Une œuvre des plus marquantes, d'un auteur peu prolifique mais terriblement efficace. Minetaro Mochizuki, aujourd'hui connu pour son manga "Chiisakobé", déjà récipiendaire de plusieurs prix dont deux au festival d'Angoulême, s'est d'abord fait connaître avec "Dragon Head", lui-même auréolé de nombreux titres, dont le prestigieux Prix culturel Osamu Tezuka en 2000. Un exploit partagé avec des auteurs de renom tels que Jiro Taniguchi et Naoki Urasawa, ce qui témoigne de sa reconnaissance dans le milieu.
"Dragon Head", prépublié dans le Young Magazine de 1995 à 2000, a été édité trois fois en France et plus récemment par les éditions Pika. Avec sa récente collection chez Pika Graphic, composée de cinq volumes somptueux, l'œuvre rend véritablement hommage au travail de Mochizuki.
L'analyse de la peur est au cœur de cette histoire où nos héros luttent simplement pour survivre. Un récit qui ravira les amateurs de survivalisme et ceux en quête d'expériences nouvelles, car "Dragon Head" retranscrit avec exactitude la peur sous toutes ses formes.
L'histoire commence alors qu'une classe de collégiens rentre d'un voyage scolaire en train et se retrouve soudainement confrontée à un énorme tremblement de terre. Seuls survivants de l'accident dans un tunnel, trois collégiens, Teru, Ako et Nobuo, désespèrent de trouver une issue. Ce début d'histoire, simple et classique pour un récit de survie, prend une tournure singulière lorsque l'auteur personnifie l'obscurité comme un personnage à part entière. Sans dialogue ni action, mais écrasante et dominante, elle crée une atmosphère angoissante accentuée par un style de dessin nerveux mais jamais brouillon. Le travail sur la lumière confère une réalité saisissante à l'ensemble, renforcé par une mise en scène sobre et immersive. L'auteur insiste sur des plans silencieux, laissant les personnages explorer leur environnement avec le lecteur, et cela confère au récit une profondeur captivante. On entend presque le silence, et c'est à ce moment-là qu'on comprend pourquoi Mochizuki a reçu autant de prix pour son manga. Il sait raconter sans avoir recours à un dialogue excessif, grâce à des mises en page et des cadrages toujours justes.
Pour les amateurs de "The Walking Dead" et autres œuvres où la survie est primordiale, "Dragon Head" offre également des moments d'action où la tension est palpable, avec des poursuites, des armes et des personnages inspirant la peur.
Au-delà de la mise en scène et des dessins, que raconte ce manga ? Malgré son titre énigmatique, "Dragon Head" n'est pas une œuvre d'héroïque Fantaisie. Au Japon, dans un contexte post-apocalyptique, l'accent est mis non pas sur la cause du cataclysme mais sur la survie après celui-ci.

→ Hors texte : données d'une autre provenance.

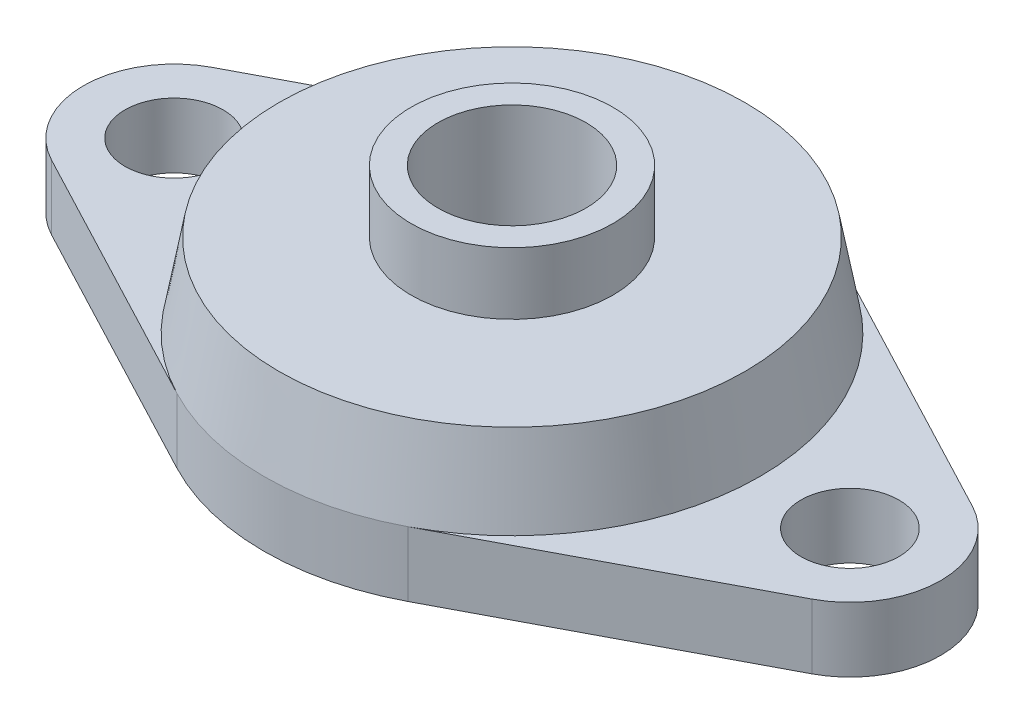
ISO-10303-21;
HEADER;
FILE_DESCRIPTION(('STEP AP214'),'2;1');
FILE_NAME('part.step','',(''),(''),'','','');
FILE_SCHEMA(('AUTOMOTIVE_DESIGN { 1 0 10303 214 1 1 1 1 }'));
ENDSEC;
DATA;
#1=APPLICATION_CONTEXT('core data for automotive mechanical design processes');
#2=APPLICATION_PROTOCOL_DEFINITION('international standard','automotive_design',2000,#1);
#3=PRODUCT_CONTEXT('',#1,'mechanical');
#4=PRODUCT('Part','Part','',(#3));
#5=PRODUCT_RELATED_PRODUCT_CATEGORY('part','',(#4));
#6=PRODUCT_DEFINITION_FORMATION('','',#4);
#7=PRODUCT_DEFINITION_CONTEXT('part definition',#1,'design');
#8=PRODUCT_DEFINITION('design','',#6,#7);
#9=PRODUCT_DEFINITION_SHAPE('','',#8);
#10=(LENGTH_UNIT() NAMED_UNIT(*) SI_UNIT(.MILLI.,.METRE.));
#11=(NAMED_UNIT(*) PLANE_ANGLE_UNIT() SI_UNIT($,.RADIAN.));
#12=(NAMED_UNIT(*) SI_UNIT($,.STERADIAN.) SOLID_ANGLE_UNIT());
#13=UNCERTAINTY_MEASURE_WITH_UNIT(LENGTH_MEASURE(1.E-05),#10,'distance_accuracy_value','');
#14=(GEOMETRIC_REPRESENTATION_CONTEXT(3) GLOBAL_UNCERTAINTY_ASSIGNED_CONTEXT((#13)) GLOBAL_UNIT_ASSIGNED_CONTEXT((#10,
#11,#12)) REPRESENTATION_CONTEXT('',''));
#15=CARTESIAN_POINT('',(0.,0.,0.));
#16=DIRECTION('',(0.,0.,1.));
#17=DIRECTION('',(1.,0.,0.));
#18=AXIS2_PLACEMENT_3D('',#15,#16,#17);
#19=CARTESIAN_POINT('',(-18.25,3.5,0.));
#20=DIRECTION('',(0.,1.,0.));
#21=DIRECTION('',(0.,0.,1.));
#22=AXIS2_PLACEMENT_3D('',#19,#20,#21);
#23=PLANE('',#22);
#24=CARTESIAN_POINT('',(18.25,3.5,0.));
#25=DIRECTION('',(0.,1.,0.));
#26=DIRECTION('',(0.,0.,1.));
#27=AXIS2_PLACEMENT_3D('',#24,#25,#26);
#28=CIRCLE('',#27,2.65);
#29=CARTESIAN_POINT('',(18.25,3.5,2.65));
#30=VERTEX_POINT('',#29);
#31=EDGE_CURVE('E227',#30,#30,#28,.T.);
#32=ORIENTED_EDGE('',*,*,#31,.F.);
#33=EDGE_LOOP('',(#32));
#34=FACE_BOUND('',#33,.T.);
#35=CARTESIAN_POINT('',(0.,3.50000000001014,0.));
#36=DIRECTION('',(0.,-1.,0.));
#37=DIRECTION('',(1.,0.,0.));
#38=AXIS2_PLACEMENT_3D('',#35,#36,#37);
#39=CIRCLE('',#38,13.4);
#40=CARTESIAN_POINT('',(6.24109589041096,3.50000000001013,-11.8578548686807));
#41=VERTEX_POINT('',#40);
#42=CARTESIAN_POINT('',(6.24109589041096,3.50000000001013,11.8578548686807));
#43=VERTEX_POINT('',#42);
#44=EDGE_CURVE('E125',#41,#43,#39,.T.);
#45=ORIENTED_EDGE('',*,*,#44,.T.);
#46=DIRECTION('',(0.884914542438861,0.,-0.465753424657534));
#47=VECTOR('',#46,1.);
#48=CARTESIAN_POINT('',(6.24109589041096,3.5,11.8578548686807));
#49=LINE('',#48,#47);
#50=CARTESIAN_POINT('',(20.5321917808219,3.5,4.33608125795042));
#51=VERTEX_POINT('',#50);
#52=EDGE_CURVE('E141',#43,#51,#49,.T.);
#53=ORIENTED_EDGE('',*,*,#52,.T.);
#54=CARTESIAN_POINT('',(18.25,3.5,0.));
#55=DIRECTION('',(0.,-1.,0.));
#56=DIRECTION('',(0.,0.,1.));
#57=AXIS2_PLACEMENT_3D('',#54,#55,#56);
#58=CIRCLE('',#57,4.9);
#59=CARTESIAN_POINT('',(20.5321917808219,3.5,-4.33608125795042));
#60=VERTEX_POINT('',#59);
#61=EDGE_CURVE('E106',#60,#51,#58,.T.);
#62=ORIENTED_EDGE('',*,*,#61,.F.);
#63=DIRECTION('',(0.884914542438861,0.,0.465753424657534));
#64=VECTOR('',#63,1.);
#65=CARTESIAN_POINT('',(6.24109589041096,3.5,-11.8578548686807));
#66=LINE('',#65,#64);
#67=EDGE_CURVE('E70',#41,#60,#66,.T.);
#68=ORIENTED_EDGE('',*,*,#67,.F.);
#69=EDGE_LOOP('',(#45,#53,#62,#68));
#70=FACE_BOUND('',#69,.T.);
#71=ADVANCED_FACE('F34',(#34,#70),#23,.T.);
#72=CARTESIAN_POINT('',(-18.25,3.5,0.));
#73=DIRECTION('',(0.,-1.,0.));
#74=DIRECTION('',(0.,0.,-1.));
#75=AXIS2_PLACEMENT_3D('',#72,#73,#74);
#76=CYLINDRICAL_SURFACE('',#75,4.9);
#77=CARTESIAN_POINT('',(-18.25,0.,0.));
#78=DIRECTION('',(0.,1.,0.));
#79=DIRECTION('',(0.,0.,1.));
#80=AXIS2_PLACEMENT_3D('',#77,#78,#79);
#81=CIRCLE('',#80,4.9);
#82=CARTESIAN_POINT('',(-20.5321917808219,0.,-4.33608125795042));
#83=VERTEX_POINT('',#82);
#84=CARTESIAN_POINT('',(-20.5321917808219,0.,4.33608125795042));
#85=VERTEX_POINT('',#84);
#86=EDGE_CURVE('E173',#83,#85,#81,.T.);
#87=ORIENTED_EDGE('',*,*,#86,.T.);
#88=DIRECTION('',(0.,-1.,0.));
#89=VECTOR('',#88,1.);
#90=CARTESIAN_POINT('',(-20.5321917808219,3.5,4.33608125795042));
#91=LINE('',#90,#89);
#92=CARTESIAN_POINT('',(-20.5321917808219,3.5,4.33608125795042));
#93=VERTEX_POINT('',#92);
#94=EDGE_CURVE('E157',#93,#85,#91,.T.);
#95=ORIENTED_EDGE('',*,*,#94,.F.);
#96=CARTESIAN_POINT('',(-18.25,3.5,0.));
#97=DIRECTION('',(0.,1.,0.));
#98=DIRECTION('',(0.,0.,1.));
#99=AXIS2_PLACEMENT_3D('',#96,#97,#98);
#100=CIRCLE('',#99,4.9);
#101=CARTESIAN_POINT('',(-20.5321917808219,3.5,-4.33608125795042));
#102=VERTEX_POINT('',#101);
#103=EDGE_CURVE('E85',#102,#93,#100,.T.);
#104=ORIENTED_EDGE('',*,*,#103,.F.);
#105=DIRECTION('',(0.,-1.,0.));
#106=VECTOR('',#105,1.);
#107=CARTESIAN_POINT('',(-20.5321917808219,3.5,-4.33608125795042));
#108=LINE('',#107,#106);
#109=EDGE_CURVE('E43',#102,#83,#108,.T.);
#110=ORIENTED_EDGE('',*,*,#109,.T.);
#111=EDGE_LOOP('',(#87,#95,#104,#110));
#112=FACE_BOUND('',#111,.T.);
#113=ADVANCED_FACE('F36',(#112),#76,.T.);
#114=CARTESIAN_POINT('',(0.,3.5,0.));
#115=DIRECTION('',(0.,-1.,0.));
#116=DIRECTION('',(0.,0.,-1.));
#117=AXIS2_PLACEMENT_3D('',#114,#115,#116);
#118=CYLINDRICAL_SURFACE('',#117,13.4);
#119=CARTESIAN_POINT('',(0.,0.,0.));
#120=DIRECTION('',(0.,1.,0.));
#121=DIRECTION('',(0.,0.,1.));
#122=AXIS2_PLACEMENT_3D('',#119,#120,#121);
#123=CIRCLE('',#122,13.4);
#124=CARTESIAN_POINT('',(6.24109589041096,0.,-11.8578548686807));
#125=VERTEX_POINT('',#124);
#126=CARTESIAN_POINT('',(-6.24109589041096,0.,-11.8578548686807));
#127=VERTEX_POINT('',#126);
#128=EDGE_CURVE('E63',#125,#127,#123,.T.);
#129=ORIENTED_EDGE('',*,*,#128,.T.);
#130=DIRECTION('',(0.,-1.,0.));
#131=VECTOR('',#130,1.);
#132=CARTESIAN_POINT('',(-6.24109589041096,3.5,-11.8578548686807));
#133=LINE('',#132,#131);
#134=CARTESIAN_POINT('',(-6.24109589041096,3.50000000001014,-11.8578548686807));
#135=VERTEX_POINT('',#134);
#136=EDGE_CURVE('E11',#135,#127,#133,.T.);
#137=ORIENTED_EDGE('',*,*,#136,.F.);
#138=CARTESIAN_POINT('',(0.,3.5,0.));
#139=DIRECTION('',(0.,1.,0.));
#140=DIRECTION('',(0.,0.,1.));
#141=AXIS2_PLACEMENT_3D('',#138,#139,#140);
#142=CIRCLE('',#141,13.4);
#143=EDGE_CURVE('E128',#41,#135,#142,.T.);
#144=ORIENTED_EDGE('',*,*,#143,.F.);
#145=DIRECTION('',(0.,-1.,0.));
#146=VECTOR('',#145,1.);
#147=CARTESIAN_POINT('',(6.24109589041096,3.5,-11.8578548686807));
#148=LINE('',#147,#146);
#149=EDGE_CURVE('E171',#41,#125,#148,.T.);
#150=ORIENTED_EDGE('',*,*,#149,.T.);
#151=EDGE_LOOP('',(#129,#137,#144,#150));
#152=FACE_BOUND('',#151,.T.);
#153=ADVANCED_FACE('F189',(#152),#118,.T.);
#154=CARTESIAN_POINT('',(-6.24109589041096,3.5,-11.8578548686807));
#155=DIRECTION('',(0.465753424657534,0.,0.884914542438861));
#156=DIRECTION('',(0.884914542438861,0.,-0.465753424657534));
#157=AXIS2_PLACEMENT_3D('',#154,#155,#156);
#158=PLANE('',#157);
#159=DIRECTION('',(-0.884914542438861,0.,0.465753424657534));
#160=VECTOR('',#159,1.);
#161=CARTESIAN_POINT('',(-6.24109589041096,0.,-11.8578548686807));
#162=LINE('',#161,#160);
#163=EDGE_CURVE('E175',#127,#83,#162,.T.);
#164=ORIENTED_EDGE('',*,*,#163,.T.);
#165=ORIENTED_EDGE('',*,*,#109,.F.);
#166=DIRECTION('',(-0.884914542438861,0.,0.465753424657534));
#167=VECTOR('',#166,1.);
#168=CARTESIAN_POINT('',(-6.24109589041096,3.5,-11.8578548686807));
#169=LINE('',#168,#167);
#170=EDGE_CURVE('E50',#135,#102,#169,.T.);
#171=ORIENTED_EDGE('',*,*,#170,.F.);
#172=ORIENTED_EDGE('',*,*,#136,.T.);
#173=EDGE_LOOP('',(#164,#165,#171,#172));
#174=FACE_BOUND('',#173,.T.);
#175=ADVANCED_FACE('F190',(#174),#158,.F.);
#176=CARTESIAN_POINT('',(-18.25,3.5,0.));
#177=DIRECTION('',(0.,1.,0.));
#178=DIRECTION('',(0.,0.,1.));
#179=AXIS2_PLACEMENT_3D('',#176,#177,#178);
#180=CIRCLE('',#179,2.65);
#181=CARTESIAN_POINT('',(-18.25,3.5,2.65));
#182=VERTEX_POINT('',#181);
#183=EDGE_CURVE('E363',#182,#182,#180,.T.);
#184=ORIENTED_EDGE('',*,*,#183,.F.);
#185=EDGE_LOOP('',(#184));
#186=FACE_BOUND('',#185,.T.);
#187=CARTESIAN_POINT('',(-6.24109589041096,3.5,11.8578548686807));
#188=VERTEX_POINT('',#187);
#189=EDGE_CURVE('E133',#188,#135,#39,.T.);
#190=ORIENTED_EDGE('',*,*,#189,.T.);
#191=ORIENTED_EDGE('',*,*,#170,.T.);
#192=ORIENTED_EDGE('',*,*,#103,.T.);
#193=DIRECTION('',(-0.884914542438861,0.,-0.465753424657534));
#194=VECTOR('',#193,1.);
#195=CARTESIAN_POINT('',(-6.24109589041096,3.5,11.8578548686807));
#196=LINE('',#195,#194);
#197=EDGE_CURVE('E136',#188,#93,#196,.T.);
#198=ORIENTED_EDGE('',*,*,#197,.F.);
#199=EDGE_LOOP('',(#190,#191,#192,#198));
#200=FACE_BOUND('',#199,.T.);
#201=ADVANCED_FACE('F187',(#186,#200),#23,.T.);
#202=CARTESIAN_POINT('',(-18.25,0.,0.));
#203=DIRECTION('',(0.,1.,0.));
#204=DIRECTION('',(0.,0.,1.));
#205=AXIS2_PLACEMENT_3D('',#202,#203,#204);
#206=PLANE('',#205);
#207=CARTESIAN_POINT('',(-18.25,0.,0.));
#208=DIRECTION('',(0.,-1.,0.));
#209=DIRECTION('',(0.,0.,-1.));
#210=AXIS2_PLACEMENT_3D('',#207,#208,#209);
#211=CIRCLE('',#210,2.65);
#212=CARTESIAN_POINT('',(-18.25,0.,-2.65));
#213=VERTEX_POINT('',#212);
#214=EDGE_CURVE('E218',#213,#213,#211,.T.);
#215=ORIENTED_EDGE('',*,*,#214,.F.);
#216=EDGE_LOOP('',(#215));
#217=FACE_BOUND('',#216,.T.);
#218=CARTESIAN_POINT('',(18.25,0.,0.));
#219=DIRECTION('',(0.,-1.,0.));
#220=DIRECTION('',(0.,0.,-1.));
#221=AXIS2_PLACEMENT_3D('',#218,#219,#220);
#222=CIRCLE('',#221,2.65);
#223=CARTESIAN_POINT('',(18.25,0.,-2.65));
#224=VERTEX_POINT('',#223);
#225=EDGE_CURVE('E222',#224,#224,#222,.T.);
#226=ORIENTED_EDGE('',*,*,#225,.F.);
#227=EDGE_LOOP('',(#226));
#228=FACE_BOUND('',#227,.T.);
#229=CARTESIAN_POINT('',(0.,0.,0.));
#230=DIRECTION('',(0.,-1.,0.));
#231=DIRECTION('',(0.,0.,-1.));
#232=AXIS2_PLACEMENT_3D('',#229,#230,#231);
#233=CIRCLE('',#232,4.);
#234=CARTESIAN_POINT('',(0.,0.,-4.));
#235=VERTEX_POINT('',#234);
#236=EDGE_CURVE('E225',#235,#235,#233,.T.);
#237=ORIENTED_EDGE('',*,*,#236,.F.);
#238=EDGE_LOOP('',(#237));
#239=FACE_BOUND('',#238,.T.);
#240=ORIENTED_EDGE('',*,*,#163,.F.);
#241=ORIENTED_EDGE('',*,*,#128,.F.);
#242=DIRECTION('',(0.884914542438861,0.,0.465753424657534));
#243=VECTOR('',#242,1.);
#244=CARTESIAN_POINT('',(6.24109589041096,0.,-11.8578548686807));
#245=LINE('',#244,#243);
#246=CARTESIAN_POINT('',(20.5321917808219,0.,-4.33608125795042));
#247=VERTEX_POINT('',#246);
#248=EDGE_CURVE('E165',#125,#247,#245,.T.);
#249=ORIENTED_EDGE('',*,*,#248,.T.);
#250=CARTESIAN_POINT('',(18.25,0.,0.));
#251=DIRECTION('',(0.,-1.,0.));
#252=DIRECTION('',(0.,0.,1.));
#253=AXIS2_PLACEMENT_3D('',#250,#251,#252);
#254=CIRCLE('',#253,4.9);
#255=CARTESIAN_POINT('',(20.5321917808219,0.,4.33608125795042));
#256=VERTEX_POINT('',#255);
#257=EDGE_CURVE('E163',#247,#256,#254,.T.);
#258=ORIENTED_EDGE('',*,*,#257,.T.);
#259=DIRECTION('',(0.884914542438861,0.,-0.465753424657534));
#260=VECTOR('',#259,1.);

Cette approche permet à l'auteur d'explorer les émotions des personnages.
Le récit se découpe distinctement en deux phases. Les trois premiers tomes se déroulent dans le tunnel, mettant en scène les personnages dans un environnement sombre et oppressant où leur développement psychologique est exploré. La peur du noir y est magistralement représentée. La suite de l'histoire se déroule à l'extérieur, avec l'ajout de nouveaux personnages. Cette seconde partie met davantage l'accent sur l'action, tout en préservant la tension psychologique. La transition entre les deux phases est habile, et bien que certains puissent penser que l'œuvre perd de sa force, elle aborde de manière originale la thématique de la peur à travers les "Dragon Head", expliquant ainsi le titre du manga. Que se passerait-il si l'on ôtait tout sentiment de peur à un être humain ? La peur est-elle si négative ?
Sans trop en dévoiler, ce manga distille ses réflexions à travers une histoire de survie parsemée d'action, convenant aussi bien aux amateurs d'action qu'aux chercheurs de sens. Cependant, la fin pourrait décevoir certains lecteurs, car comment conclure une telle histoire ? Malgré les horreurs passées, la fin est moins angoissante que le reste du manga.
"Dragon Head" est une œuvre qui n'a pas vieilli et reste facilement accessible de nos jours. Cet ovni du manga offre une vision de la peur sous toutes ses facettes, suscitant des réflexions profondes sur cette émotion. Bien que non destiné à tous en raison de son thème, il séduit par sa mise en scène maîtrisée et ses dessins d'un réalisme saisissant. Les lecteurs ne ressentiront pas tous la peur en parcourant ses pages, mais ils seront certainement fascinés par ses réflexions.